Их ждала ночь. Солнце падало за холм, как летящий снаряд.
Быстро почернел сине-зеленый ковер леса. Близился вечер. Солнце гасло, и на деревья опускалась мгла…
Пока они целовались, им казалось, что на свете нет ничего, кроме них: ни грохота снарядов, ни стонов, ни мертвецов, ни раненых. Казалось, что нет ни леса, ни неба, ни огромного мира, что есть только они, обнявшиеся под деревьями, их тела, прильнувшие друг к другу. И им казалось, будто это не два тела, а одно, слившееся: олицетворение всего, что в человеке есть прекрасного, доброго, великого…
Его гнали по дороге, за телегой, нагруженной мешками, ящиками, тряпьем и посудой. Над поклажей виднелись головы ребятишек, сидевших, как птенцы в гнезде. Он волей-неволей должен был слушать их плач, и ему в пору было умереть. Он был обезоружен, связан, волосы на непокрытой голове взлохматились, так что шедшие навстречу солдаты глазели на него, как на чучело. Ему мерещилось, что он парит в воздухе и вот-вот упадет на землю.
Никто не может ему помочь. Он знал, что нет на свете ни человека, ни зверя, ни чуда какого-нибудь, которые бы могли его спасти. Примирившись с судьбой, он плелся навстречу неизвестности. В конце концов после всего, что он перенес, ему нечего было бояться. Просто он хотел, чтобы эта мука, может быть последняя, кончилась поскорее…
Из козарских лесов по оврагам и склонам, как потоки, катились толпы людей, которых войско сгоняло к шоссе, в долину. Людей становилось все больше, точно они валились с неба: землю сплошь закрыли кожухи, безрукавки, куртки, платья, фартуки, шали и платки, девичьи корсажи. Многие шли с узлами и, наверное, под тяжестью ноши спотыкались и падали, нарушая порядок в колонне. Солдаты подбегали к ним и грубо кричали, чтобы они догоняли остальных, и те, кто был покрепче, так и делали, ускоряя шаг в страхе перед карой. Но некоторые не в состоянии были подняться: они стонали, лежа на земле, глядя молящими глазами, просили смиловаться, причитали и заклинали:
— Добейте меня, если бога помните…
— Сынок, благослови господь твою руку, стреляй…
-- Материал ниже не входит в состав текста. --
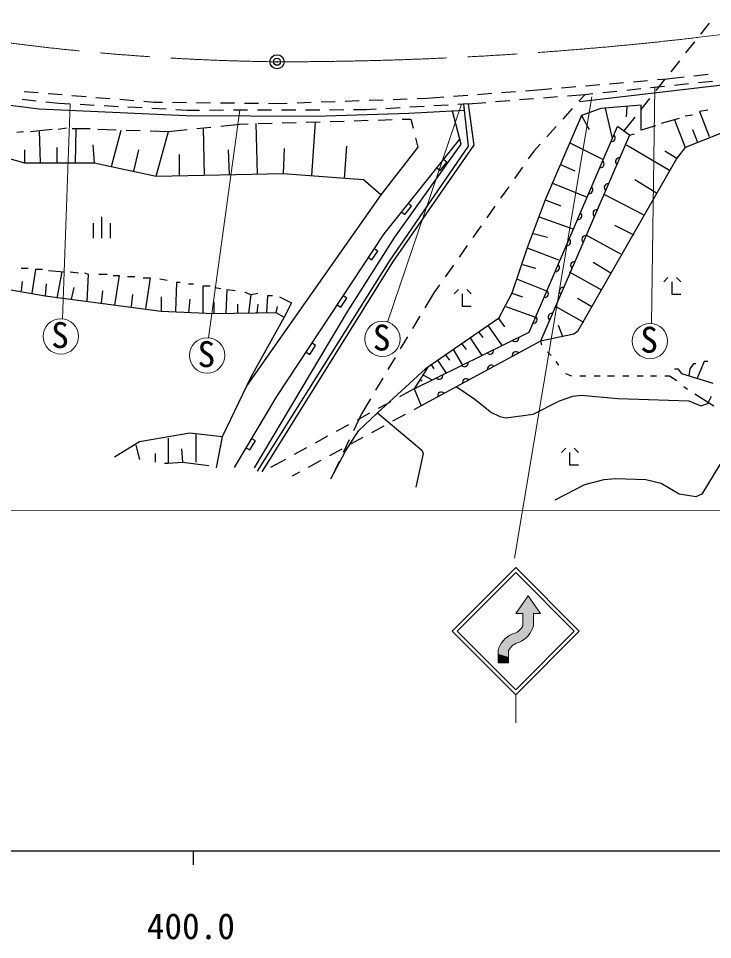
# Model space of a CAD drawing. Units: millimetres, scale not verified. Extents: x 40000 to 680000, y 20000 to 380000.
# Drawn here: x 455642 to 504758, y 198715 to 263900 of the extents above; entities that cross this region are included whole.
import ezdxf
from ezdxf.enums import TextEntityAlignment as Align

# ---------------------------------------------------------------- set-up
doc = ezdxf.new("R2010")
doc.units = ezdxf.units.MM
doc.header["$LTSCALE"] = 1000
doc.header["$PDMODE"] = 32
doc.header["$PDSIZE"] = 500
doc.linetypes.add('CHAIN', pattern=[18.5, 12, -1.5, 3.5, -1.5])
for name, color, linetype, lineweight in [('M-BGD', 7, 'Continuous', 25), ('M-BMK', 2, 'CHAIN', 13), ('M-BMK-SRVR', 3, 'Continuous', 25), ('M-STR-HTXT', 7, 'Continuous', 13), ('M-STR-STRC', 7, 'Continuous', 25), ('M-TTL-BAND', 7, 'Continuous', 25)]:
    doc.layers.add(name, color=color, linetype=linetype, lineweight=lineweight)
doc.styles.add('ＭＳ ゴシック', font='')
doc.styles.get('ＭＳ ゴシック').set_extended_font_data('MS Gothic')

msp = doc.modelspace()

# ---------------------------------------------------------------- hatches: boundary and pattern name
at = {"layer": 'M-STR-STRC'}
for points in [[(491704, 223041), (490829, 221791), (491329, 221791), (491329, 221374), (492079, 221453), (492079, 221791), (492579, 221791)], [(492079, 221453), (491329, 221374), (491329, 220916, -0.11109), (491051, 220557), (491051, 220557), (491620, 220117), (491620, 220117, 0.13452), (492079, 220916), (492079, 220916)], [(491620, 220117), (491620, 220117), (491051, 220557), (491051, 220557, -0.12179), (490604, 220341), (490604, 220341, 0.12464), (489916, 219832), (489916, 219832), (490506, 219431), (490506, 219431, -0.1558), (491054, 219741), (491054, 219741, 0.09842)], [(490506, 219431), (490506, 219431), (489916, 219832), (489916, 219832, 0.10825), (489579, 219166), (489579, 219166), (489579, 218928), (490329, 218712), (490329, 219166), (490329, 219166, -0.07742)], [(490329, 218712), (489579, 218928), (489579, 218291), (490329, 218291)]]:
    msp.add_hatch(color=256, dxfattribs=at).paths.add_polyline_path(points)

# ---------------------------------------------------------------- linework, layer by layer
at = {"layer": 'M-BGD'}
for p, q in [((503931, 262787), (504551, 263571)), ((502875, 261454), (503496, 262238)), ((501820, 260121), (502441, 260905)), ((518398, 260703), (495369, 257994)), ((499162, 259421), (500158, 259506)), ((500765, 258789), (501385, 259572)), ((500856, 259566), (501552, 259625)), ((501552, 259625), (502747, 259760)), ((503442, 259839), (504436, 259952)), ((503755, 259356), (504749, 259459)), ((491522, 258782), (492687, 258870)), ((492687, 258870), (493383, 258929)), ((494080, 258989), (495077, 259074)), ((495774, 259133), (496771, 259218)), ((497468, 259277), (498465, 259362)), ((498682, 258831), (499677, 258934)), ((500373, 259006), (501367, 259109)), ((502064, 259181), (503058, 259284)), ((456894, 258056), (455900, 258164)), ((456041, 258730), (457038, 258648)), ((457735, 258591), (458732, 258510)), ((459430, 258453), (460426, 258371)), ((461124, 258314), (462121, 258232)), ((462818, 258175), (463815, 258094)), ((480454, 258114), (481453, 258149)), ((482153, 258173), (483152, 258208)), ((483852, 258232), (484573, 258257)), ((484573, 258257), (485738, 258345)), ((486436, 258398), (487434, 258473)), ((488132, 258526), (489129, 258601)), ((489827, 258654), (490824, 258729)), ((491099, 258151), (492096, 258232)), ((492793, 258288), (493790, 258369)), ((494488, 258425), (495740, 258526)), ((495740, 258526), (495301, 258041)), ((495740, 258526), (496295, 258584)), ((496991, 258656), (497986, 258759)), ((499709, 257456), (500330, 258240)), ((458507, 257881), (457590, 257980)), ((459300, 257838), (458507, 257881)), ((460998, 257746), (459999, 257800)), ((462695, 257654), (461697, 257708)), ((464393, 257562), (463394, 257616)), ((464513, 258036), (465234, 257977)), ((466090, 257470), (465092, 257524)), ((465234, 257977), (465835, 257971)), ((466535, 257964), (467535, 257954)), ((468235, 257947), (469235, 257937)), ((469935, 257929), (470935, 257919)), ((471635, 257912), (472634, 257902)), ((473334, 257895), (473936, 257889)), ((473936, 257889), (474657, 257914)), ((475357, 257938), (476356, 257972)), ((477056, 257997), (478055, 258031)), ((478755, 258056), (479754, 258090)), ((482649, 257569), (481650, 257509)), ((484346, 257670), (483347, 257610)), ((486043, 257772), (485044, 257712)), ((487455, 257856), (486741, 257814)), ((487455, 257856), (488707, 257958)), ((487455, 257856), (487865, 254905)), ((489404, 258014), (490401, 258095)), ((494832, 257522), (494161, 256780)), ((497152, 257551), (497659, 255401)), ((498680, 257670), (498642, 256936)), ((467582, 257389), (466789, 257432)), ((468460, 257392), (467582, 257389)), ((470160, 257396), (469160, 257394)), ((471860, 257401), (470860, 257398)), ((473560, 257406), (472560, 257403)), ((475260, 257411), (474260, 257408)), ((476960, 257415), (475960, 257413)), ((478660, 257420), (477660, 257417)), ((480238, 257424), (479360, 257422)), ((480952, 257467), (480238, 257424)), ((495488, 257037), (496021, 256035)), ((498490, 255915), (499275, 256907)), ((503327, 257062), (502819, 256978)), ((504428, 257401), (503835, 257316)), ((503835, 257316), (504513, 255538)), ((468272, 256106), (469267, 256210)), ((469963, 256283), (471290, 256423)), ((471290, 256423), (471898, 256440)), ((472443, 256456), (472523, 252879)), ((472598, 256461), (473597, 256490)), ((474297, 256510), (475297, 256540)), ((475996, 256560), (476996, 256589)), ((476632, 256579), (476385, 252763)), ((477696, 256610), (478695, 256639)), ((479395, 256659), (480394, 256689)), ((481094, 256709), (482094, 256738)), ((482793, 256759), (483402, 256777)), ((483402, 256777), (483563, 256122)), ((493691, 256261), (493020, 255520)), ((498889, 255630), (498023, 256250)), ((500731, 256288), (499701, 255995)), ((502396, 256808), (501126, 256470)), ((502057, 256724), (502819, 254776)), ((455999, 255877), (455537, 255836)), ((458031, 256046), (456507, 255877)), ((457099, 255962), (457184, 253676)), ((459047, 256131), (458454, 256046)), ((459438, 256115), (460726, 256115)), ((459678, 253676), (459725, 256115)), ((461264, 256057), (462557, 256014)), ((462235, 253413), (462916, 256003)), ((463257, 255991), (464256, 255959)), ((464956, 255936), (466249, 255893)), ((465397, 252744), (466249, 255893)), ((466249, 255893), (467576, 256032)), ((468809, 252809), (468735, 256154)), ((498889, 255630), (492575, 241060)), ((498889, 255630), (499233, 255726)), ((505444, 255792), (502819, 254776)), ((503327, 256046), (503666, 255200)), ((460909, 254946), (460994, 253676)), ((482126, 246643), (487865, 254905)), ((483731, 255442), (483893, 254787)), ((492551, 255000), (492112, 254515)), ((494649, 255085), (497017, 253906)), ((498671, 254946), (501719, 253168)), ((452189, 254776), (456083, 253676)), ((456083, 254607), (456083, 253676)), ((458369, 254776), (458369, 253676)), ((464127, 254607), (463788, 253083)), ((467005, 254268), (467005, 252744)), ((470477, 254607), (470561, 252829)), ((474456, 254692), (474371, 252914)), ((478859, 254861), (478689, 252575)), ((492112, 254515), (491717, 253954)), ((501380, 254522), (502227, 254014)), ((502819, 254776), (502227, 254014)), ((456083, 253676), (460994, 253676)), ((460994, 253676), (465397, 252744)), ((485488, 253144), (485957, 253729)), ((485957, 253729), (485723, 253916)), ((502227, 254014), (495199, 241738)), ((485254, 253331), (485488, 253144)), ((491314, 253382), (490738, 252565)), ((493992, 253559), (495008, 253103)), ((465397, 252744), (474371, 252914)), ((474371, 252914), (480044, 252490)), ((481275, 251424), (480044, 252490)), ((499263, 252490), (500787, 251559)), ((490334, 251993), (489758, 251175)), ((493430, 252253), (495873, 251241)), ((492913, 251051), (491643, 247664)), ((492913, 251051), (494014, 250628)), ((497062, 251474), (499856, 250035)), ((482985, 250023), (483454, 250608)), ((483454, 250608), (483220, 250796)), ((489355, 250603), (488779, 249786)), ((461548, 248356), (461548, 249856)), ((482751, 250211), (482985, 250023)), ((492490, 249866), (494861, 249019)), ((460948, 248356), (460948, 249406)), ((462148, 248356), (462148, 249406)), ((488376, 249213), (487800, 248396)), ((497824, 249273), (499179, 248596)), ((492067, 248680), (493083, 248426)), ((495792, 248596), (498247, 247241)), ((487396, 247824), (486820, 247006)), ((480653, 246814), (481065, 247440)), ((481065, 247440), (480815, 247605)), ((491643, 247664), (490543, 244447)), ((491643, 247664), (493845, 246818)), ((481880, 246731), (472533, 231861)), ((472884, 231826), (482126, 246643)), ((480403, 246978), (480653, 246814)), ((486417, 246434), (485841, 245617)), ((491305, 246479), (492236, 246225)), ((496300, 246648), (497570, 245886)), ((455829, 246225), (456337, 246225)), ((456845, 246140), (456591, 244447)), ((457353, 246140), (456845, 246140)), ((457777, 246056), (458877, 245971)), ((458708, 245971), (458369, 244108)), ((459301, 245971), (459893, 245886)), ((460317, 245886), (460571, 245802)), ((460571, 245802), (460486, 243854)), ((461333, 245802), (461925, 245802)), ((494607, 245971), (496893, 244701)), ((451173, 245378), (457523, 244278)), ((455914, 245294), (455829, 244616)), ((457607, 245124), (457523, 244278)), ((462349, 245717), (462772, 245717)), ((462772, 245717), (462433, 243600)), ((463365, 245632), (463873, 245632)), ((464465, 245548), (464973, 245548)), ((464973, 245548), (464635, 243346)), ((465651, 245463), (466159, 245378)), ((466836, 245209), (466751, 243177)), ((467090, 245209), (466836, 245209)), ((467683, 245124), (468021, 245124)), ((490881, 245463), (492998, 244616)), ((501602, 245562), (501302, 245262)), ((501902, 244362), (501902, 245262)), ((502502, 245262), (502202, 245562)), ((459555, 244870), (459385, 244024)), ((461587, 244616), (461502, 243770)), ((469207, 244955), (468699, 244955)), ((468699, 244955), (468699, 243092)), ((469545, 244870), (469969, 244786)), ((470392, 244701), (470307, 243008)), ((470985, 244616), (470392, 244701)), ((471662, 244532), (472085, 244362)), ((472085, 244362), (472593, 244447)), ((485043, 244484), (484407, 243423)), ((485438, 245045), (485043, 244484)), ((486771, 244716), (486471, 244416)), ((487671, 244416), (487371, 244716)), ((490543, 244447), (489611, 242669)), ((490543, 244447), (491305, 244193)), ((457523, 244278), (465735, 243177)), ((463703, 244362), (463619, 243516)), ((465735, 244193), (465735, 243177)), ((467767, 244024), (467683, 243092)), ((469461, 243854), (469461, 243008)), ((472085, 244362), (471916, 243008)), ((473271, 244278), (473186, 243092)), ((473609, 244278), (473271, 244278)), ((474117, 244193), (474964, 243770)), ((478456, 243471), (478868, 244098)), ((478868, 244098), (478617, 244263)), ((487071, 243516), (487071, 244416)), ((495199, 244108), (496215, 243516)), ((502502, 244362), (501902, 244362)), ((465735, 243177), (469461, 243008)), ((471154, 243685), (471154, 243008)), ((472593, 243685), (472509, 243008)), ((473948, 243516), (473863, 243092)), ((474964, 243770), (474456, 242754)), ((478205, 243636), (478456, 243471)), ((487671, 243516), (487071, 243516)), ((490119, 243516), (492236, 242754)), ((493591, 243431), (493675, 243516)), ((493675, 243516), (495623, 242415)), ((469461, 243008), (473863, 243092)), ((474456, 242754), (472085, 238520)), ((473863, 243092), (474456, 242754)), ((484047, 242823), (483533, 241965)), ((489611, 242669), (484447, 239113)), ((489611, 242669), (490035, 242076)), ((488849, 242161), (489865, 240722)), ((493842, 242184), (494134, 241394)), ((483173, 241364), (482659, 240507)), ((487579, 241314), (488426, 240044)), ((488172, 241738), (488511, 241314)), ((494945, 241568), (492575, 241060)), ((495199, 241738), (494945, 241568)), ((476258, 240129), (476670, 240756)), ((476670, 240756), (476420, 240921)), ((492575, 241060), (484141, 236493)), ((486987, 240891), (487325, 240468)), ((492575, 241060), (492659, 240806)), ((476007, 240294), (476258, 240129)), ((482299, 239906), (481785, 239049)), ((485886, 240044), (486140, 239706)), ((486394, 240468), (487071, 239367)), ((493083, 240298), (493337, 240044)), ((484870, 239367), (485039, 239113)), ((485293, 239706), (485901, 238794)), ((493675, 239621), (493845, 239367)), ((503412, 239452), (503158, 239113)), ((503581, 239452), (503412, 239452)), ((504174, 239621), (503666, 238436)), ((504428, 239621), (504174, 239621)), ((481060, 235980), (484447, 239113)), ((484607, 239223), (483643, 237689)), ((484267, 238683), (484924, 238316)), ((494353, 238774), (494776, 238605)), ((495369, 238605), (495792, 238605)), ((496385, 238605), (496808, 238605)), ((497316, 238605), (497824, 238605)), ((498417, 238605), (498840, 238605)), ((499433, 238605), (499856, 238605)), ((500364, 238605), (500787, 238605)), ((501380, 238605), (501719, 238605)), ((501719, 238605), (502227, 238266)), ((502057, 239113), (502311, 239113)), ((502311, 239113), (502565, 238774)), ((502565, 238774), (504767, 238097)), ((503158, 239113), (503073, 238605)), ((472085, 238520), (470053, 234287)), ((481425, 238448), (480911, 237590)), ((484064, 238359), (484218, 238251)), ((483643, 237689), (482596, 237116)), ((483643, 237689), (484141, 236493)), ((502735, 237843), (502989, 237674)), ((503497, 237335), (504851, 236488)), ((480551, 236990), (479916, 235929)), ((481982, 236779), (481105, 236299)), ((492067, 235896), (493929, 236827)), ((493929, 236827), (494861, 237166)), ((494861, 237166), (495453, 237250)), ((495453, 237250), (498078, 236996)), ((498078, 236996), (503073, 236827)), ((503073, 236827), (503920, 236488)), ((503920, 236488), (504428, 236658)), ((504428, 236658), (504682, 237166)), ((479705, 234710), (481060, 235980)), ((481060, 235980), (484193, 233356)), ((484141, 236493), (483612, 236204)), ((489019, 236065), (489696, 235726)), ((479916, 235929), (479346, 234713)), ((480491, 235963), (479614, 235482)), ((482998, 235869), (482120, 235390)), ((489696, 235726), (490119, 235642)), ((490119, 235642), (492067, 235896)), ((479000, 235146), (478123, 234665)), ((478774, 233271), (479705, 234710)), ((481506, 235054), (480628, 234575)), ((467767, 234541), (464211, 233948)), ((466243, 234202), (466243, 232424)), ((470053, 234287), (467767, 234541)), ((468191, 234456), (468191, 232509)), ((470053, 234287), (469630, 232086)), ((472406, 234004), (472149, 234158)), ((477509, 234329), (476632, 233848)), ((479049, 234079), (478625, 233174)), ((480013, 234240), (479136, 233761)), ((464211, 233948), (462433, 232848)), ((463957, 233694), (464211, 232678)), ((467175, 233440), (467259, 232509)), ((471764, 233514), (472021, 233360)), ((472021, 233360), (472406, 234004)), ((476019, 233512), (475142, 233032)), ((478521, 233425), (477644, 232946)), ((494368, 233479), (494068, 233179)), ((495268, 233179), (494968, 233479)), ((465312, 233102), (465312, 232509)), ((477758, 231324), (478774, 233271)), ((484277, 233102), (483769, 230731)), ((484193, 233356), (484277, 233102)), ((494668, 232279), (494668, 233179)), ((465989, 232424), (466243, 232424)), ((466243, 232424), (467259, 232509)), ((467259, 232509), (469122, 232255)), ((474528, 232695), (473481, 232122)), ((477029, 232611), (476151, 232132)), ((478328, 232540), (477758, 231324)), ((495268, 232279), (494668, 232279)), ((505275, 232340), (504005, 230223)), ((475537, 231796), (475008, 231507)), ((495707, 230900), (493591, 229800)), ((497062, 231239), (495707, 230900)), ((497909, 231324), (497062, 231239)), ((500025, 231239), (497909, 231324)), ((501126, 230985), (500025, 231239)), ((502396, 230223), (501126, 230985)), ((503581, 230054), (502396, 230223)), ((504005, 230223), (503581, 230054))]:
    msp.add_line(p, q, dxfattribs=at)
at = {"layer": 'M-BGD', "lineweight": 13}
for p, q in [((500684, 259038), (500439, 242314)), ((459300, 257838), (458760, 242644)), ((486993, 257829), (481766, 242417)), ((471304, 257400), (469080, 241298))]:
    msp.add_line(p, q, dxfattribs=at)
at = {"layer": 'M-BGD'}
for points in [[(487189, 257373), (483267, 257170), (476632, 256959), (467522, 257012), (457113, 257468), (451689, 258153), (446758, 258966)], [(487140, 257838), (487455, 254849), (481880, 246731)], [(499701, 255995), (499713, 257751), (496857, 257528), (495488, 257037), (492913, 251051)], [(472340, 232100), (478958, 243176), (482275, 248425), (486980, 254990), (486346, 257330)], [(483643, 237689), (491783, 241707), (498023, 256250)], [(470929, 232120), (473931, 237136), (481514, 248668), (486880, 255358)], [(483893, 254787), (481275, 251424), (471802, 237930)], [(489019, 236065), (487931, 236944), (486616, 237833)]]:
    msp.add_lwpolyline(points, dxfattribs=at)
at = {"layer": 'M-BGD', "lineweight": 13}
for centre in [(458640, 241400), (481399, 241222), (500326, 241069), (468995, 240051)]:
    msp.add_circle(centre, 1250, dxfattribs=at)
at = {"layer": 'M-BGD'}
for centre, start, end in [((497615, 255443), 259.45676, 54.09599), ((496827, 253605), 259.45676, 54.09599), ((498145, 253772), 79.24941, 233.88864), ((496038, 251767), 259.45676, 54.09599), ((497350, 251937), 79.24941, 233.88864), ((496554, 250102), 79.24941, 233.88864), ((495249, 249929), 259.45676, 54.09599), ((495759, 248267), 79.24941, 233.88864), ((494461, 248091), 259.45676, 54.09599), ((493672, 246253), 259.45676, 54.09599), ((494964, 246432), 79.24941, 233.88864), ((492883, 244415), 259.45676, 54.09599), ((494169, 244597), 79.24941, 233.88864), ((492095, 242577), 259.45676, 54.09599), ((493373, 242762), 79.24941, 233.88864), ((490792, 241281), 218.95089, 13.59012), ((488998, 240395), 218.95089, 13.59012), ((490843, 240058), 41.11804, 195.75728), ((487205, 239510), 218.95089, 13.59012), ((489084, 239106), 41.11804, 195.75728), ((485411, 238625), 218.95089, 13.59012), ((487325, 238154), 41.11804, 195.75728), ((485567, 237201), 41.11804, 195.75728)]:
    msp.add_arc(centre, 256, start, end, dxfattribs=at)
at = {"layer": 'M-BMK'}
msp.add_line((503835, 262566), (573447, 271372), dxfattribs=at)
for centre, radius, start, end in [((475957, 424725), 163907, 234.33359, 269.29546), ((474103, 516504), 255673, 269.9637, 276.67801)]:
    msp.add_arc(centre, radius, start, end, dxfattribs=at)
at = {"layer": 'M-BMK-SRVR'}
msp.add_circle((473941, 260831), 500, dxfattribs=at)
msp.add_point((473941, 260831), dxfattribs=at)
at = {"layer": 'M-STR-HTXT'}
msp.add_line((371925, 229122), (543299, 229038), dxfattribs=at)
at = {"layer": 'M-STR-STRC', "lineweight": 13}
for p, q in [((496210, 258351), (490750, 225699)), ((486330, 220542), (490830, 225042)), ((495330, 220542), (490830, 225042)), ((486683, 220542), (490830, 224689)), ((494976, 220542), (490830, 224689)), ((490829, 221791), (491704, 223041)), ((491704, 223041), (492579, 221791)), ((490829, 221791), (491329, 221791)), ((491329, 221791), (491329, 220916)), ((492079, 221791), (492079, 220916)), ((492079, 221791), (492579, 221791)), ((486330, 220542), (490830, 216041)), ((486683, 220542), (490830, 216395)), ((490830, 216395), (494976, 220542)), ((490830, 216042), (495330, 220542)), ((489579, 219166), (489579, 218291)), ((490329, 219166), (490329, 218291)), ((490329, 218291), (489579, 218291)), ((490830, 216041), (490830, 214041))]:
    msp.add_line(p, q, dxfattribs=at)
for centre, radius, start, end in [((491266, 218729), 1743, 112.3354, 165.46589), ((490391, 221354), 1035, 281.85262, 334.98311), ((490391, 221354), 1743, 292.33506, 345.46554), ((491266, 218729), 1034, 101.85301, 154.9835)]:
    msp.add_arc(centre, radius, start, end, dxfattribs=at)
at = {"layer": 'M-TTL-BAND'}
for p, q in [((40000, 205000), (579000, 205000)), ((468000, 205000), (468000, 204000))]:
    msp.add_line(p, q, dxfattribs=at)

# ---------------------------------------------------------------- texts
at = {"layer": 'M-BGD', "style": 'ＭＳ ゴシック'}
for p in [(457962, 240026), (480720, 239848), (499648, 239695), (468317, 238677)]:
    msp.add_text('S', height=1833, dxfattribs=at).set_placement(p, align=Align.BOTTOM_LEFT)
at = {"layer": 'M-TTL-BAND', "style": 'ＭＳ ゴシック'}
msp.add_text('400.0', height=1833, dxfattribs=at).set_placement((467844, 198195), align=Align.BOTTOM_CENTER)

doc.saveas('drawing.dxf')

— Благослови тебя бог, солдат, кончи мою муку…
— Не хочу жить, всю мою семью вы перебили…
Он слушал эти заклинания, и ему казалось, будто люди говорят не о смерти и гибели, а о торжествах — о крещении, о свадьбе, какой-нибудь славной годовщине или о деле, которое они должны безотлагательно сделать.
Солдаты подходили к ним и, не говоря ни слова, стреляли в их скорченные тела. Некоторые из солдат обращались к упавшим с последним предупреждением, устрашающе крича или срываясь на истерические вопли. Но люди лежали неподвижно, почти равнодушно ожидая конца.
Он не мог смотреть на это, но поневоле слышал и голоса и выстрелы, по всему склону до самых отрогов гор, откуда гнали все новые массы пленных. Теперь все подходы к шоссе, все тропы, лощины, дорожки были забиты людьми. Тут были сотни беженцев — мужчин и женщин; они понуро плелись следом за телегами, а то рядом с лошадьми или волами, с трудом вытаскивающими копыта из грязи.